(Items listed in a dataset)
····················

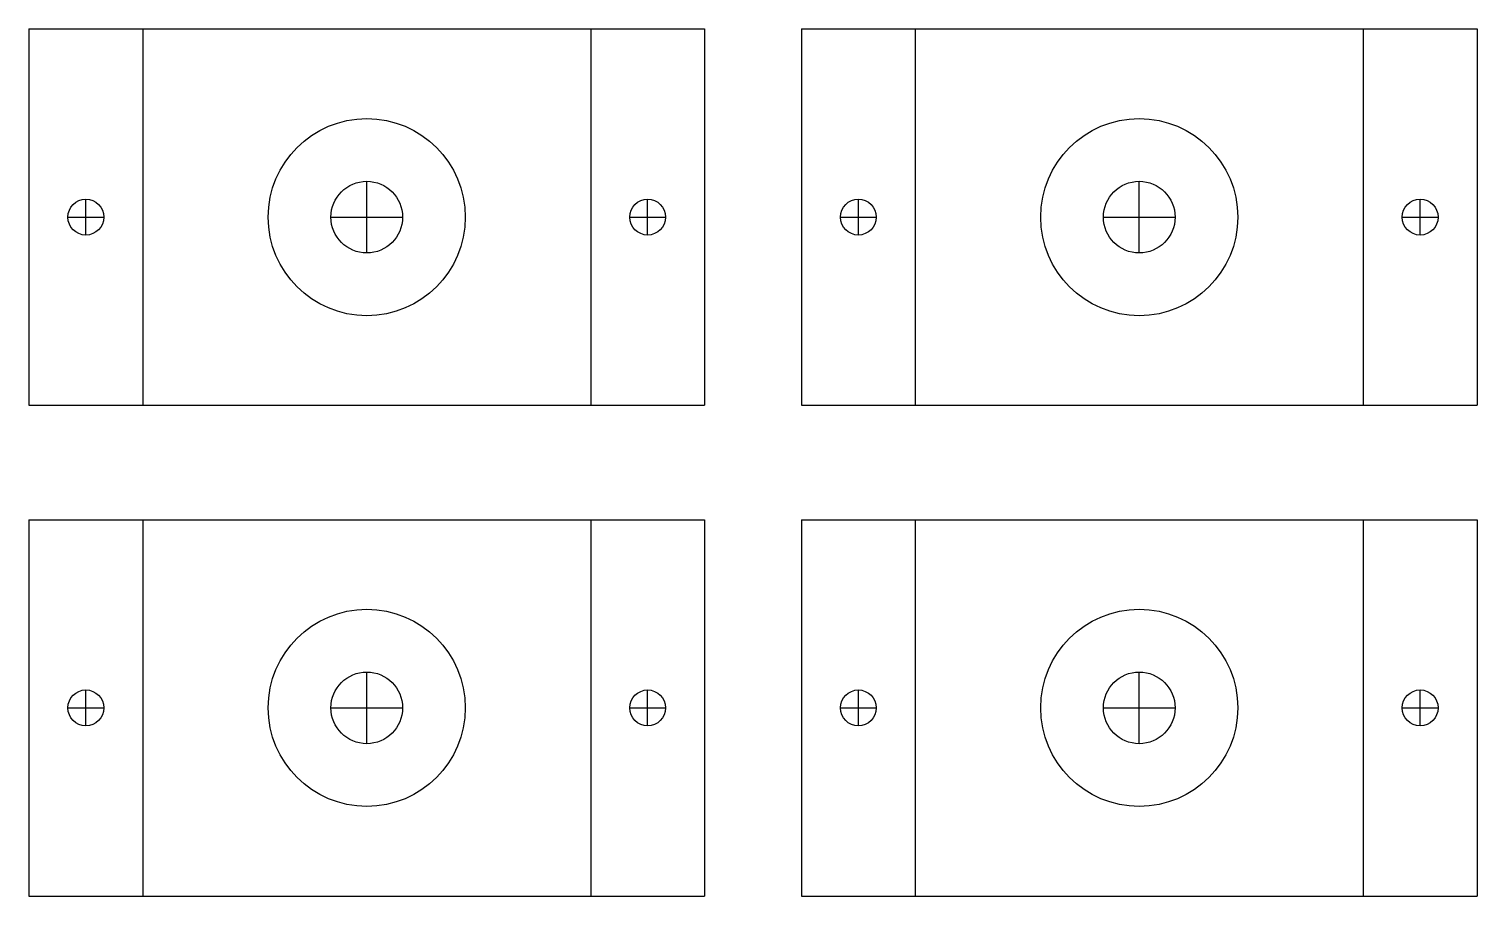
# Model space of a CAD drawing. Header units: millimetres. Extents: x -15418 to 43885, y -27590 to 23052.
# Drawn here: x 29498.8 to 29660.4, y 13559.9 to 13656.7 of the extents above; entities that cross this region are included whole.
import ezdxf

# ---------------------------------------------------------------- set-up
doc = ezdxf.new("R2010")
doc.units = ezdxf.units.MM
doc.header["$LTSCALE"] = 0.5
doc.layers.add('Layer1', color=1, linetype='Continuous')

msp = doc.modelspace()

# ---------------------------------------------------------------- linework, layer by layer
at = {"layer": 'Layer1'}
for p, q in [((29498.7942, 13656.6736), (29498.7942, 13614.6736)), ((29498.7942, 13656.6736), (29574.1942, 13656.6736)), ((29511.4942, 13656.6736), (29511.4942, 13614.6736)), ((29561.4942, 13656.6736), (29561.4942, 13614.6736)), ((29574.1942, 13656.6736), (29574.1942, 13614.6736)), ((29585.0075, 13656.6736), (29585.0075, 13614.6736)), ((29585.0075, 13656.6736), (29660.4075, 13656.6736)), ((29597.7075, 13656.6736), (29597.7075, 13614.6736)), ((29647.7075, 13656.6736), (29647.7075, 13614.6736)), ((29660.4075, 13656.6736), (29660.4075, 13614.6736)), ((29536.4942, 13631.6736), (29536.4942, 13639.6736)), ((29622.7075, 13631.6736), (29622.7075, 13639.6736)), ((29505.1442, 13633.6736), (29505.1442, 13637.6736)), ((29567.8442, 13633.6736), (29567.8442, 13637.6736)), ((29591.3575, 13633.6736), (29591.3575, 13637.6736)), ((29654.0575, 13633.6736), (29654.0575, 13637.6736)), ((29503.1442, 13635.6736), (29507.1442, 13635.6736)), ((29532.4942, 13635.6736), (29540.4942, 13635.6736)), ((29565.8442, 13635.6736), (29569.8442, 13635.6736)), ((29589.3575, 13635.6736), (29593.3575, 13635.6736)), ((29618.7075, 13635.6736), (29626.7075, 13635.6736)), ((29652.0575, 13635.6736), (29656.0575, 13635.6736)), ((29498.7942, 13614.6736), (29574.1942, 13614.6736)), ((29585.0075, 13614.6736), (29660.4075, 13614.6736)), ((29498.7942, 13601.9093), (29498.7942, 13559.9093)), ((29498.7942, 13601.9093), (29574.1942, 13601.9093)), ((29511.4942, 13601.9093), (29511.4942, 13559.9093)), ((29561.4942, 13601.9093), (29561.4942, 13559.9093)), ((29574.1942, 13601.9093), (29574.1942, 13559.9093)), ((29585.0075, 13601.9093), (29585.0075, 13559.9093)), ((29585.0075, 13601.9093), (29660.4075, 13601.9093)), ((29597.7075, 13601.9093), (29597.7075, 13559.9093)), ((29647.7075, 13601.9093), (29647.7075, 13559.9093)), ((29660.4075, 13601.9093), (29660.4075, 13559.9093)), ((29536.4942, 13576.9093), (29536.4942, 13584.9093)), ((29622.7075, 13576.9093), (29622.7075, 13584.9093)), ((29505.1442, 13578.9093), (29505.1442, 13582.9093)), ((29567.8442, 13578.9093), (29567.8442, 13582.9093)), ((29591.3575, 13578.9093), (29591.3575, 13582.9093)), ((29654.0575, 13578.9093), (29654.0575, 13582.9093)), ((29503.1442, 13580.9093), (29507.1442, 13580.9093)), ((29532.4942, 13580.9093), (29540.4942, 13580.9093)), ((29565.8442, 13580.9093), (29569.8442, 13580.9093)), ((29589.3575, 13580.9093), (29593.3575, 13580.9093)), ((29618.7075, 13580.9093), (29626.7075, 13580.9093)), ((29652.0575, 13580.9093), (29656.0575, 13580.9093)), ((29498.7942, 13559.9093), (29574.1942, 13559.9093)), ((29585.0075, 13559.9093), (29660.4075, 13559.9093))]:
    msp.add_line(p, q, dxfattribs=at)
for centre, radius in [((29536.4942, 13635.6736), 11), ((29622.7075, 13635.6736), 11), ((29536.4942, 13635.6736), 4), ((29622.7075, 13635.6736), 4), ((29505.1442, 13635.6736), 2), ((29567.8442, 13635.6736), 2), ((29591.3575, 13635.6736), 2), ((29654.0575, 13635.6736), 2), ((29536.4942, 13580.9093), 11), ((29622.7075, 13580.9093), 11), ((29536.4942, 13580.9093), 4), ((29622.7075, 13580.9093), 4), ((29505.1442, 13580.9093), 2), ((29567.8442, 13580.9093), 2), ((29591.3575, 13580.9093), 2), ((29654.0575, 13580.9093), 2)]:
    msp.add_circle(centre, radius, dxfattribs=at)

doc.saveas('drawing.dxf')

····················

• [Problem to work on] Leaving the pictures aside, give back all the records exactly as they are.

• [Task output]
# Model space of a CAD drawing. Header units: millimetres. Extents: x -15418 to 43885, y -27590 to 23052.
# Drawn here: x 29498.8 to 29660.4, y 13559.9 to 13656.7 of the extents above; entities that cross this region are included whole.
import ezdxf

# ---------------------------------------------------------------- set-up
doc = ezdxf.new("R2010")
doc.units = ezdxf.units.MM
doc.header["$LTSCALE"] = 0.5
doc.layers.add('Layer1', color=1, linetype='Continuous')

msp = doc.modelspace()

# ---------------------------------------------------------------- linework, layer by layer
at = {"layer": 'Layer1'}
for p, q in [((29498.7942, 13656.6736), (29498.7942, 13614.6736)), ((29498.7942, 13656.6736), (29574.1942, 13656.6736)), ((29511.4942, 13656.6736), (29511.4942, 13614.6736)), ((29561.4942, 13656.6736), (29561.4942, 13614.6736)), ((29574.1942, 13656.6736), (29574.1942, 13614.6736)), ((29585.0075, 13656.6736), (29585.0075, 13614.6736)), ((29585.0075, 13656.6736), (29660.4075, 13656.6736)), ((29597.7075, 13656.6736), (29597.7075, 13614.6736)), ((29647.7075, 13656.6736), (29647.7075, 13614.6736)), ((29660.4075, 13656.6736), (29660.4075, 13614.6736)), ((29536.4942, 13631.6736), (29536.4942, 13639.6736)), ((29622.7075, 13631.6736), (29622.7075, 13639.6736)), ((29505.1442, 13633.6736), (29505.1442, 13637.6736)), ((29567.8442, 13633.6736), (29567.8442, 13637.6736)), ((29591.3575, 13633.6736), (29591.3575, 13637.6736)), ((29654.0575, 13633.6736), (29654.0575, 13637.6736)), ((29503.1442, 13635.6736), (29507.1442, 13635.6736)), ((29532.4942, 13635.6736), (29540.4942, 13635.6736)), ((29565.8442, 13635.6736), (29569.8442, 13635.6736)), ((29589.3575, 13635.6736), (29593.3575, 13635.6736)), ((29618.7075, 13635.6736), (29626.7075, 13635.6736)), ((29652.0575, 13635.6736), (29656.0575, 13635.6736)), ((29498.7942, 13614.6736), (29574.1942, 13614.6736)), ((29585.0075, 13614.6736), (29660.4075, 13614.6736)), ((29498.7942, 13601.9093), (29498.7942, 13559.9093)), ((29498.7942, 13601.9093), (29574.1942, 13601.9093)), ((29511.4942, 13601.9093), (29511.4942, 13559.9093)), ((29561.4942, 13601.9093), (29561.4942, 13559.9093)), ((29574.1942, 13601.9093), (29574.1942, 13559.9093)), ((29585.0075, 13601.9093), (29585.0075, 13559.9093)), ((29585.0075, 13601.9093), (29660.4075, 13601.9093)), ((29597.7075, 13601.9093), (29597.7075, 13559.9093)), ((29647.7075, 13601.9093), (29647.7075, 13559.9093)), ((29660.4075, 13601.9093), (29660.4075, 13559.9093)), ((29536.4942, 13576.9093), (29536.4942, 13584.9093)), ((29622.7075, 13576.9093), (29622.7075, 13584.9093)), ((29505.1442, 13578.9093), (29505.1442, 13582.9093)), ((29567.8442, 13578.9093), (29567.8442, 13582.9093)), ((29591.3575, 13578.9093), (29591.3575, 13582.9093)), ((29654.0575, 13578.9093), (29654.0575, 13582.9093)), ((29503.1442, 13580.9093), (29507.1442, 13580.9093)), ((29532.4942, 13580.9093), (29540.4942, 13580.9093)), ((29565.8442, 13580.9093), (29569.8442, 13580.9093)), ((29589.3575, 13580.9093), (29593.3575, 13580.9093)), ((29618.7075, 13580.9093), (29626.7075, 13580.9093)), ((29652.0575, 13580.9093), (29656.0575, 13580.9093)), ((29498.7942, 13559.9093), (29574.1942, 13559.9093)), ((29585.0075, 13559.9093), (29660.4075, 13559.9093))]:
    msp.add_line(p, q, dxfattribs=at)
for centre, radius in [((29536.4942, 13635.6736), 11), ((29622.7075, 13635.6736), 11), ((29536.4942, 13635.6736), 4), ((29622.7075, 13635.6736), 4), ((29505.1442, 13635.6736), 2), ((29567.8442, 13635.6736), 2), ((29591.3575, 13635.6736), 2), ((29654.0575, 13635.6736), 2), ((29536.4942, 13580.9093), 11), ((29622.7075, 13580.9093), 11), ((29536.4942, 13580.9093), 4), ((29622.7075, 13580.9093), 4), ((29505.1442, 13580.9093), 2), ((29567.8442, 13580.9093), 2), ((29591.3575, 13580.9093), 2), ((29654.0575, 13580.9093), 2)]:
    msp.add_circle(centre, radius, dxfattribs=at)

doc.saveas('drawing.dxf')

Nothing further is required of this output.